The study is available online today (Jan. 8) and will be published in a February issue of Science, said Cornell associate professor of entomology and mosquito expert Laura Harrington, a co-senior author on the study with Hoy.
"The frequency at which males and females converge is a harmonic or multiple of their wing-beat frequencies, which is approximately 400 hertz [vibrations per second] for the female and 600 hertz for the male," said Hoy.
The mating duet, generated just before the couple mates on the fly, settles at around 1,200 hertz -- roughly an octave and a half above concert A (the pitch to which instruments are tuned -- the A that has a frequency of 440 hertz and is above middle C). "That is significantly higher than what was previously thought to be mosquitoes' upper hearing limit," he added.
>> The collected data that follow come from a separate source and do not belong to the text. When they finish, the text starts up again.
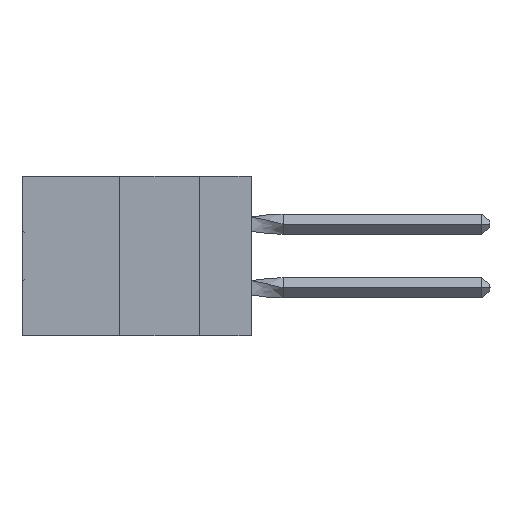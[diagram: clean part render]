
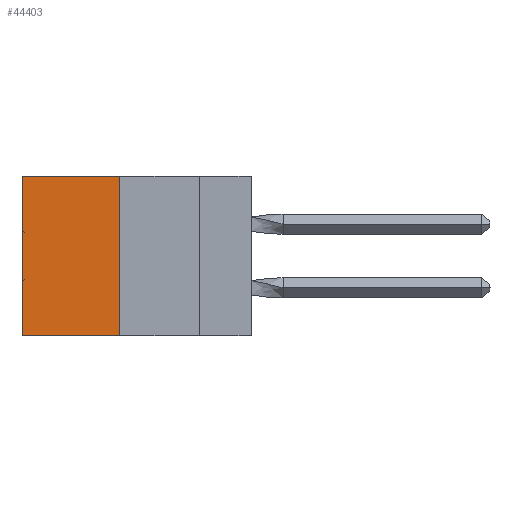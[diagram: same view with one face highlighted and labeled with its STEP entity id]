
A CAD part, left-side view. The second image highlights one B-rep face of the part: STEP entity #44403.
In plain terms, the highlighted planar face has unit normal (-1, 0, 0).
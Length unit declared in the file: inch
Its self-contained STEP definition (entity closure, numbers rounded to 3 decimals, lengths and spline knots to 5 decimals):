
#417 = LINE ( 'NONE', #45980, #22771 ) ;
#7328 = CARTESIAN_POINT ( 'NONE',  ( 0.305, 0.413, -0.5 ) ) ;
#9233 = LINE ( 'NONE', #25917, #50219 ) ;
#10709 = ORIENTED_EDGE ( 'NONE', *, *, #38871, .T. ) ;
#11333 = DIRECTION ( 'NONE',  ( 0., 0., -1. ) ) ;
#13191 = EDGE_CURVE ( 'NONE', #15670, #26594, #417, .T. ) ;
#15323 = DIRECTION ( 'NONE',  ( 1., 0., 0. ) ) ;
#15670 = VERTEX_POINT ( 'NONE', #48243 ) ;
#17193 = AXIS2_PLACEMENT_3D ( 'NONE', #7328, #15323, #11333 ) ;
#17227 = LINE ( 'NONE', #30771, #37143 ) ;
#22771 = VECTOR ( 'NONE', #25641, 39.37008 ) ;
#25641 = DIRECTION ( 'NONE',  ( 0., 1., 0. ) ) ;
#25917 = CARTESIAN_POINT ( 'NONE',  ( 0.305, 0.413, -0.5 ) ) ;
#26011 = EDGE_LOOP ( 'NONE', ( #10709, #41398, #48401, #26456 ) ) ;
#26456 = ORIENTED_EDGE ( 'NONE', *, *, #13191, .T. ) ;
#26594 = VERTEX_POINT ( 'NONE', #44271 ) ;
#26672 = DIRECTION ( 'NONE',  ( 0., 1., 0. ) ) ;
#27014 = CARTESIAN_POINT ( 'NONE',  ( 0.305, 0.413, -0.5 ) ) ;
#28090 = FACE_OUTER_BOUND ( 'NONE', #26011, .T. ) ;
#28333 = VERTEX_POINT ( 'NONE', #45355 ) ;
#30771 = CARTESIAN_POINT ( 'NONE',  ( 0.305, 0.72, -0.5 ) ) ;
#34540 = LINE ( 'NONE', #27014, #38302 ) ;
#37143 = VECTOR ( 'NONE', #41927, 39.37008 ) ;
#38302 = VECTOR ( 'NONE', #26672, 39.37008 ) ;
#38871 = EDGE_CURVE ( 'NONE', #26594, #28333, #17227, .T. ) ;
#41114 = EDGE_CURVE ( 'NONE', #15670, #44258, #9233, .T. ) ;
#41398 = ORIENTED_EDGE ( 'NONE', *, *, #48063, .F. ) ;
#41927 = DIRECTION ( 'NONE',  ( 0., 0., -1. ) ) ;
#43137 = PLANE ( 'NONE',  #17193 ) ;
#44258 = VERTEX_POINT ( 'NONE', #46288 ) ;
#44271 = CARTESIAN_POINT ( 'NONE',  ( 0.305, 0.72, 0. ) ) ;
#44403 = ADVANCED_FACE ( 'NONE', ( #28090 ), #43137, .F. ) ;
#45355 = CARTESIAN_POINT ( 'NONE',  ( 0.305, 0.72, -0.5 ) ) ;
#45980 = CARTESIAN_POINT ( 'NONE',  ( 0.305, 0.413, 0. ) ) ;
#46288 = CARTESIAN_POINT ( 'NONE',  ( 0.305, 0.413, -0.5 ) ) ;
#46422 = DIRECTION ( 'NONE',  ( 0., 0., -1. ) ) ;
#48063 = EDGE_CURVE ( 'NONE', #44258, #28333, #34540, .T. ) ;
#48243 = CARTESIAN_POINT ( 'NONE',  ( 0.305, 0.413, 0. ) ) ;
#48401 = ORIENTED_EDGE ( 'NONE', *, *, #41114, .F. ) ;
#50219 = VECTOR ( 'NONE', #46422, 39.37008 ) ;

Interestingly, the mosquitoes adjust the harmonic resonance of their thoracic box to produce a harmonic frequency that converges at a frequency that is the female's third harmonic (three times her fundamental frequency) and the male's second harmonic (two times his fundamental frequency). The study also is the first to definitively show that contrary to previous thought, female mosquitoes are not deaf.
To study mosquito mating calls, the researchers tethered mosquitoes and flew them past each other while recording the flight tones with a special microphone. Co-first author Benjamin Arthur, a postdoctoral researcher in Hoy's laboratory, placed electrodes in the mosquitoes' auditory organ in their antennae during playback to measure physiological responses of the mosquitoes to the sounds of potential mates.
The researchers hope that their work will provide new ways to better control of mosquito populations in places where yellow and dengue fevers are significant problems.